Step 4: Load java and export the singularity cache location

You will need to do this in every session

module load java/jdk15.0.1
export NXF_SINGULARITY_CACHEDIR=/data/scratch/YOUR/PATH/GROUP/username/.singularity/cache

Step 5: Check the versions

nextflow -v
singularity --version
nf-core --version

Step 6: Run the nf-core test workflow

The nf-core workflows can be run in 3 ways, either directly from GitHub, or they can be downloaded first.
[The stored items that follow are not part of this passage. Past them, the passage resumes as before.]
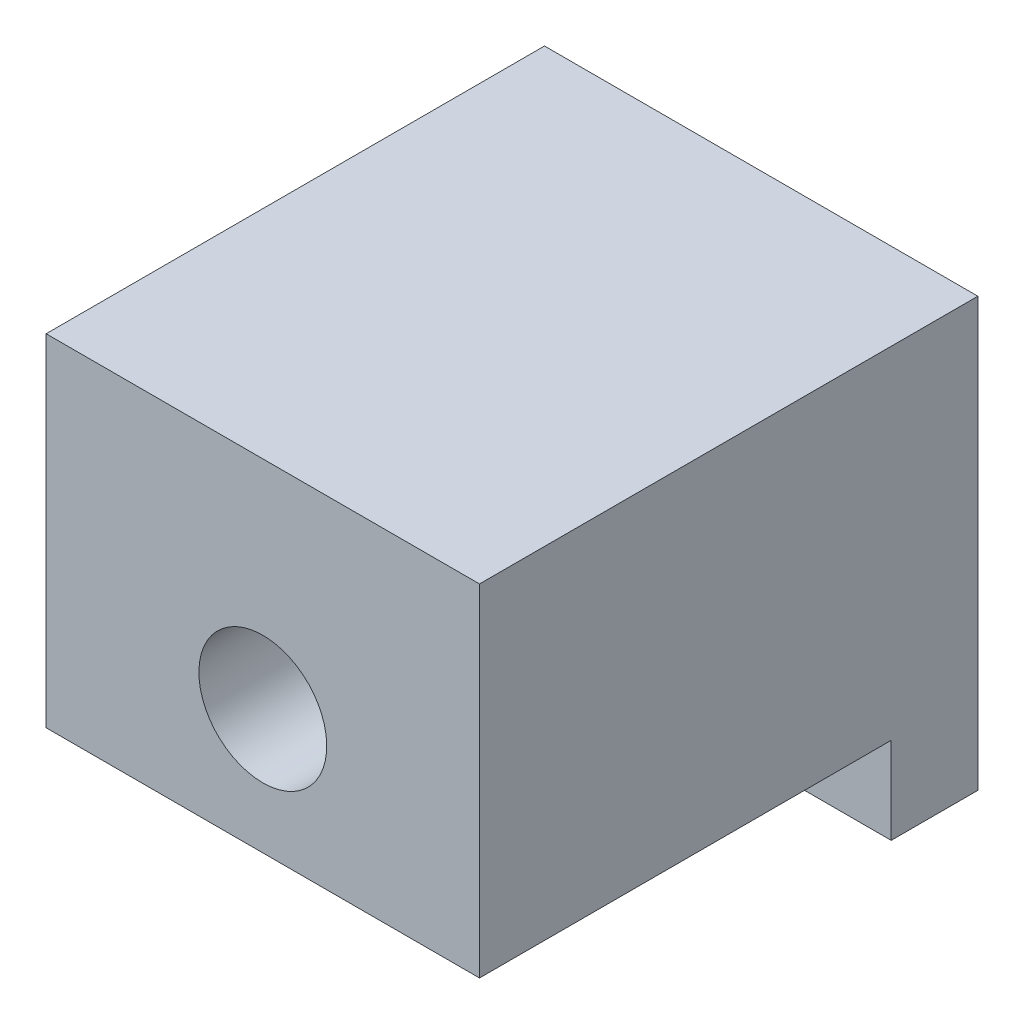
ISO-10303-21;
HEADER;
FILE_DESCRIPTION(('STEP AP214'),'2;1');
FILE_NAME('part.step','',(''),(''),'','','');
FILE_SCHEMA(('AUTOMOTIVE_DESIGN { 1 0 10303 214 1 1 1 1 }'));
ENDSEC;
DATA;
#1=APPLICATION_CONTEXT('core data for automotive mechanical design processes');
#2=APPLICATION_PROTOCOL_DEFINITION('international standard','automotive_design',2000,#1);
#3=PRODUCT_CONTEXT('',#1,'mechanical');
#4=PRODUCT('Part','Part','',(#3));
#5=PRODUCT_RELATED_PRODUCT_CATEGORY('part','',(#4));
#6=PRODUCT_DEFINITION_FORMATION('','',#4);
#7=PRODUCT_DEFINITION_CONTEXT('part definition',#1,'design');
#8=PRODUCT_DEFINITION('design','',#6,#7);
#9=PRODUCT_DEFINITION_SHAPE('','',#8);
#10=(LENGTH_UNIT() NAMED_UNIT(*) SI_UNIT(.MILLI.,.METRE.));
#11=(NAMED_UNIT(*) PLANE_ANGLE_UNIT() SI_UNIT($,.RADIAN.));
#12=(NAMED_UNIT(*) SI_UNIT($,.STERADIAN.) SOLID_ANGLE_UNIT());
#13=UNCERTAINTY_MEASURE_WITH_UNIT(LENGTH_MEASURE(1.E-05),#10,'distance_accuracy_value','');
#14=(GEOMETRIC_REPRESENTATION_CONTEXT(3) GLOBAL_UNCERTAINTY_ASSIGNED_CONTEXT((#13)) GLOBAL_UNIT_ASSIGNED_CONTEXT((#10,
#11,#12)) REPRESENTATION_CONTEXT('',''));
#15=CARTESIAN_POINT('',(0.,0.,0.));
#16=DIRECTION('',(0.,0.,1.));
#17=DIRECTION('',(1.,0.,0.));
#18=AXIS2_PLACEMENT_3D('',#15,#16,#17);
#19=CARTESIAN_POINT('',(-5.,46.5,2.));
#20=DIRECTION('',(0.,-1.,0.));
#21=DIRECTION('',(-1.,0.,0.));
#22=AXIS2_PLACEMENT_3D('',#19,#20,#21);
#23=PLANE('',#22);
#24=DIRECTION('',(1.,0.,0.));
#25=VECTOR('',#24,1.);
#26=CARTESIAN_POINT('',(-5.,46.5,11.5));
#27=LINE('',#26,#25);
#28=CARTESIAN_POINT('',(-5.,46.5,11.5));
#29=VERTEX_POINT('',#28);
#30=CARTESIAN_POINT('',(5.,46.5,11.5));
#31=VERTEX_POINT('',#30);
#32=EDGE_CURVE('E69',#29,#31,#27,.T.);
#33=ORIENTED_EDGE('',*,*,#32,.T.);
#34=DIRECTION('',(0.,0.,1.));
#35=VECTOR('',#34,1.);
#36=CARTESIAN_POINT('',(5.,46.5,2.));
#37=LINE('',#36,#35);
#38=CARTESIAN_POINT('',(5.,46.5,0.));
#39=VERTEX_POINT('',#38);
#40=EDGE_CURVE('E53',#39,#31,#37,.T.);
#41=ORIENTED_EDGE('',*,*,#40,.F.);
#42=DIRECTION('',(1.,0.,0.));
#43=VECTOR('',#42,1.);
#44=CARTESIAN_POINT('',(-5.,46.5,0.));
#45=LINE('',#44,#43);
#46=CARTESIAN_POINT('',(-5.,46.5,0.));
#47=VERTEX_POINT('',#46);
#48=EDGE_CURVE('E108',#47,#39,#45,.T.);
#49=ORIENTED_EDGE('',*,*,#48,.F.);
#50=DIRECTION('',(0.,0.,1.));
#51=VECTOR('',#50,1.);
#52=CARTESIAN_POINT('',(-5.,46.5,2.));
#53=LINE('',#52,#51);
#54=EDGE_CURVE('E11',#47,#29,#53,.T.);
#55=ORIENTED_EDGE('',*,*,#54,.T.);
#56=EDGE_LOOP('',(#33,#41,#49,#55));
#57=FACE_BOUND('',#56,.T.);
#58=ADVANCED_FACE('F44',(#57),#23,.F.);
#59=CARTESIAN_POINT('',(0.,11.5,11.5));
#60=DIRECTION('',(0.,0.,-1.));
#61=DIRECTION('',(0.,1.,0.));
#62=AXIS2_PLACEMENT_3D('',#59,#60,#61);
#63=PLANE('',#62);
#64=CARTESIAN_POINT('',(0.,41.5,11.5));
#65=DIRECTION('',(0.,0.,1.));
#66=DIRECTION('',(0.,-1.,0.));
#67=AXIS2_PLACEMENT_3D('',#64,#65,#66);
#68=CIRCLE('',#67,1.475);
#69=CARTESIAN_POINT('',(0.,40.025,11.5));
#70=VERTEX_POINT('',#69);
#71=EDGE_CURVE('E147',#70,#70,#68,.T.);
#72=ORIENTED_EDGE('',*,*,#71,.F.);
#73=EDGE_LOOP('',(#72));
#74=FACE_BOUND('',#73,.T.);
#75=DIRECTION('',(0.,1.,0.));
#76=VECTOR('',#75,1.);
#77=CARTESIAN_POINT('',(-5.,-23.5,11.5));
#78=LINE('',#77,#76);
#79=CARTESIAN_POINT('',(-5.00000000000001,38.625,11.5));
#80=VERTEX_POINT('',#79);
#81=EDGE_CURVE('E106',#80,#29,#78,.T.);
#82=ORIENTED_EDGE('',*,*,#81,.F.);
#83=DIRECTION('',(1.,0.,0.));
#84=VECTOR('',#83,1.);
#85=CARTESIAN_POINT('',(-5.00000000000001,38.625,11.5));
#86=LINE('',#85,#84);
#87=CARTESIAN_POINT('',(5.,38.625,11.5));
#88=VERTEX_POINT('',#87);
#89=EDGE_CURVE('E155',#80,#88,#86,.T.);
#90=ORIENTED_EDGE('',*,*,#89,.T.);
#91=DIRECTION('',(0.,-1.,0.));
#92=VECTOR('',#91,1.);
#93=CARTESIAN_POINT('',(5.,-23.5,11.5));
#94=LINE('',#93,#92);
#95=EDGE_CURVE('E156',#31,#88,#94,.T.);
#96=ORIENTED_EDGE('',*,*,#95,.F.);
#97=ORIENTED_EDGE('',*,*,#32,.F.);
#98=EDGE_LOOP('',(#82,#90,#96,#97));
#99=FACE_BOUND('',#98,.T.);
#100=ADVANCED_FACE('F175',(#74,#99),#63,.F.);
#101=CARTESIAN_POINT('',(-5.,-23.5,2.));
#102=DIRECTION('',(1.,0.,0.));
#103=DIRECTION('',(0.,-1.,0.));
#104=AXIS2_PLACEMENT_3D('',#101,#102,#103);
#105=PLANE('',#104);
#106=ORIENTED_EDGE('',*,*,#54,.F.);
#107=DIRECTION('',(0.,1.,0.));
#108=VECTOR('',#107,1.);
#109=CARTESIAN_POINT('',(-5.,46.5,0.));
#110=LINE('',#109,#108);
#111=CARTESIAN_POINT('',(-5.,36.625,0.));
#112=VERTEX_POINT('',#111);
#113=EDGE_CURVE('E101',#112,#47,#110,.T.);
#114=ORIENTED_EDGE('',*,*,#113,.F.);
#115=DIRECTION('',(0.,0.,1.));
#116=VECTOR('',#115,1.);
#117=CARTESIAN_POINT('',(-5.,36.625,0.));
#118=LINE('',#117,#116);
#119=CARTESIAN_POINT('',(-5.,36.625,2.));
#120=VERTEX_POINT('',#119);
#121=EDGE_CURVE('E133',#112,#120,#118,.T.);
#122=ORIENTED_EDGE('',*,*,#121,.T.);
#123=DIRECTION('',(0.,1.,0.));
#124=VECTOR('',#123,1.);
#125=CARTESIAN_POINT('',(-5.,46.5,2.));
#126=LINE('',#125,#124);
#127=CARTESIAN_POINT('',(-5.,38.625,2.));
#128=VERTEX_POINT('',#127);
#129=EDGE_CURVE('E135',#120,#128,#126,.T.);
#130=ORIENTED_EDGE('',*,*,#129,.T.);
#131=DIRECTION('',(0.,0.,1.));
#132=VECTOR('',#131,1.);
#133=CARTESIAN_POINT('',(-5.00000000000001,38.625,11.5));
#134=LINE('',#133,#132);
#135=EDGE_CURVE('E148',#128,#80,#134,.T.);
#136=ORIENTED_EDGE('',*,*,#135,.T.);
#137=ORIENTED_EDGE('',*,*,#81,.T.);
#138=EDGE_LOOP('',(#106,#114,#122,#130,#136,#137));
#139=FACE_BOUND('',#138,.T.);
#140=ADVANCED_FACE('F99',(#139),#105,.F.);
#141=CARTESIAN_POINT('',(5.,-23.5,2.));
#142=DIRECTION('',(-1.,0.,0.));
#143=DIRECTION('',(0.,1.,0.));
#144=AXIS2_PLACEMENT_3D('',#141,#142,#143);
#145=PLANE('',#144);
#146=ORIENTED_EDGE('',*,*,#95,.T.);
#147=DIRECTION('',(0.,0.,1.));
#148=VECTOR('',#147,1.);
#149=CARTESIAN_POINT('',(5.,38.625,11.5));
#150=LINE('',#149,#148);
#151=CARTESIAN_POINT('',(5.,38.625,2.));
#152=VERTEX_POINT('',#151);
#153=EDGE_CURVE('E62',#152,#88,#150,.T.);
#154=ORIENTED_EDGE('',*,*,#153,.F.);
#155=DIRECTION('',(0.,-1.,0.));
#156=VECTOR('',#155,1.);
#157=CARTESIAN_POINT('',(5.,46.5,2.));
#158=LINE('',#157,#156);
#159=CARTESIAN_POINT('',(5.,36.625,2.));
#160=VERTEX_POINT('',#159);
#161=EDGE_CURVE('E123',#152,#160,#158,.T.);
#162=ORIENTED_EDGE('',*,*,#161,.T.);
#163=DIRECTION('',(0.,0.,1.));
#164=VECTOR('',#163,1.);
#165=CARTESIAN_POINT('',(5.,36.625,0.));
#166=LINE('',#165,#164);
#167=CARTESIAN_POINT('',(5.,36.625,0.));
#168=VERTEX_POINT('',#167);
#169=EDGE_CURVE('E141',#168,#160,#166,.T.);
#170=ORIENTED_EDGE('',*,*,#169,.F.);
#171=DIRECTION('',(0.,-1.,0.));
#172=VECTOR('',#171,1.);
#173=CARTESIAN_POINT('',(5.,46.5,0.));
#174=LINE('',#173,#172);
#175=EDGE_CURVE('E115',#39,#168,#174,.T.);
#176=ORIENTED_EDGE('',*,*,#175,.F.);
#177=ORIENTED_EDGE('',*,*,#40,.T.);
#178=EDGE_LOOP('',(#146,#154,#162,#170,#176,#177));
#179=FACE_BOUND('',#178,.T.);
#180=ADVANCED_FACE('F50',(#179),#145,.F.);
#181=CARTESIAN_POINT('',(-5.00000000000001,38.625,11.5));
#182=DIRECTION('',(0.,1.,0.));
#183=DIRECTION('',(0.,0.,1.));
#184=AXIS2_PLACEMENT_3D('',#181,#182,#183);
#185=PLANE('',#184);
#186=ORIENTED_EDGE('',*,*,#153,.T.);
#187=ORIENTED_EDGE('',*,*,#89,.F.);
#188=ORIENTED_EDGE('',*,*,#135,.F.);
#189=DIRECTION('',(1.,0.,0.));
#190=VECTOR('',#189,1.);
#191=CARTESIAN_POINT('',(-5.00000000000001,38.625,2.));
#192=LINE('',#191,#190);
#193=EDGE_CURVE('E152',#128,#152,#192,.T.);
#194=ORIENTED_EDGE('',*,*,#193,.T.);
#195=EDGE_LOOP('',(#186,#187,#188,#194));
#196=FACE_BOUND('',#195,.T.);
#197=ADVANCED_FACE('F172',(#196),#185,.F.);
#198=CARTESIAN_POINT('',(0.,41.5,2.));
#199=DIRECTION('',(0.,0.,1.));
#200=DIRECTION('',(0.,-1.,0.));
#201=AXIS2_PLACEMENT_3D('',#198,#199,#200);
#202=CYLINDRICAL_SURFACE('',#201,1.475);
#203=ORIENTED_EDGE('',*,*,#71,.T.);
#204=EDGE_LOOP('',(#203));
#205=FACE_BOUND('',#204,.T.);
#206=CARTESIAN_POINT('',(0.,41.5,0.));
#207=DIRECTION('',(0.,0.,-1.));
#208=DIRECTION('',(0.,1.,0.));
#209=AXIS2_PLACEMENT_3D('',#206,#207,#208);
#210=CIRCLE('',#209,1.475);
#211=CARTESIAN_POINT('',(0.,42.975,0.));
#212=VERTEX_POINT('',#211);
#213=EDGE_CURVE('E129',#212,#212,#210,.T.);
#214=ORIENTED_EDGE('',*,*,#213,.T.);
#215=EDGE_LOOP('',(#214));
#216=FACE_BOUND('',#215,.T.);
#217=ADVANCED_FACE('F200',(#205,#216),#202,.F.);
#218=CARTESIAN_POINT('',(0.,11.5,2.));
#219=DIRECTION('',(0.,0.,1.));
#220=DIRECTION('',(0.,-1.,0.));
#221=AXIS2_PLACEMENT_3D('',#218,#219,#220);
#222=PLANE('',#221);
#223=ORIENTED_EDGE('',*,*,#193,.F.);
#224=ORIENTED_EDGE('',*,*,#129,.F.);
#225=DIRECTION('',(-1.,0.,0.));
#226=VECTOR('',#225,1.);
#227=CARTESIAN_POINT('',(-5.,36.625,2.));
#228=LINE('',#227,#226);
#229=EDGE_CURVE('E119',#160,#120,#228,.T.);
#230=ORIENTED_EDGE('',*,*,#229,.F.);
#231=ORIENTED_EDGE('',*,*,#161,.F.);
#232=EDGE_LOOP('',(#223,#224,#230,#231));
#233=FACE_BOUND('',#232,.T.);
#234=ADVANCED_FACE('F178',(#233),#222,.T.);
#235=CARTESIAN_POINT('',(0.,11.5,0.));
#236=DIRECTION('',(0.,0.,1.));
#237=DIRECTION('',(0.,-1.,0.));
#238=AXIS2_PLACEMENT_3D('',#235,#236,#237);
#239=PLANE('',#238);
#240=ORIENTED_EDGE('',*,*,#113,.T.);
#241=ORIENTED_EDGE('',*,*,#48,.T.);
#242=ORIENTED_EDGE('',*,*,#175,.T.);
#243=DIRECTION('',(-1.,0.,0.));
#244=VECTOR('',#243,1.);
#245=CARTESIAN_POINT('',(-5.,36.625,0.));
#246=LINE('',#245,#244);
#247=EDGE_CURVE('E120',#168,#112,#246,.T.);
#248=ORIENTED_EDGE('',*,*,#247,.T.);
#249=EDGE_LOOP('',(#240,#241,#242,#248));
#250=FACE_BOUND('',#249,.T.);
#251=ORIENTED_EDGE('',*,*,#213,.F.);
#252=EDGE_LOOP('',(#251));
#253=FACE_BOUND('',#252,.T.);
#254=ADVANCED_FACE('F112',(#250,#253),#239,.F.);
#255=CARTESIAN_POINT('',(-5.,36.625,0.));
#256=DIRECTION('',(0.,1.,0.));
#257=DIRECTION('',(1.,0.,0.));
#258=AXIS2_PLACEMENT_3D('',#255,#256,#257);
#259=PLANE('',#258);
#260=ORIENTED_EDGE('',*,*,#229,.T.);
#261=ORIENTED_EDGE('',*,*,#121,.F.);
#262=ORIENTED_EDGE('',*,*,#247,.F.);
#263=ORIENTED_EDGE('',*,*,#169,.T.);
#264=EDGE_LOOP('',(#260,#261,#262,#263));
#265=FACE_BOUND('',#264,.T.);
#266=ADVANCED_FACE('F179',(#265),#259,.F.);
#267=CLOSED_SHELL('',(#58,#100,#140,#180,#197,#217,#234,#254,#266));
#268=MANIFOLD_SOLID_BREP('B2',#267);
#269=ADVANCED_BREP_SHAPE_REPRESENTATION('',(#18,#268),#14);
#270=SHAPE_DEFINITION_REPRESENTATION(#9,#269);
ENDSEC;
END-ISO-10303-21;

Although it is recommended to run them directly from GitHub unless you are developing them, it can cause GitHub access problems in an HPC environment, so I will describe them, with a preference for the GitHub clone.

Running from GitHub

mkdir testpipeline_run #the _run to distinguish it from when we manually pull
cd testpipeline_run
nextflow run nf-core/testpipeline -profile test,singularity --outdir my-outdir

Cloning from GitHub and running start back in the nfcore directory (cd /data/scratch/YOUR/PATH/GROUP/username/nf-core or cd ..)

git clone git@github.com:nf-core/testpipeline.git
cd testpipeline_run
nextflow run main.nf -profile test,singularity --outdir my-outdir

1. Using nf-core download module With this option, you download the entire workflow so it can be run offline. With the other options there is downloading as and when so eventually everything will be downloaded - e.g., the singularity modules are downloaded on first use and then reused from the singularity cache. With download, the entire thing is downloaded into the given directory. This may not be desired. There can be problems with this functionality so go back to a previous mode if so.

For this you type in nf-core download and then follow the prompts: alt text

Step 7: Check the output

The pipeline outputs are written in two newly created directories: - an output directory as specified in the command argument --outdir. - a work directory in the directory they were running from. The work directory is important for troubleshooting as any error will be in the logs there including all the data and parameters used in the commands that failed.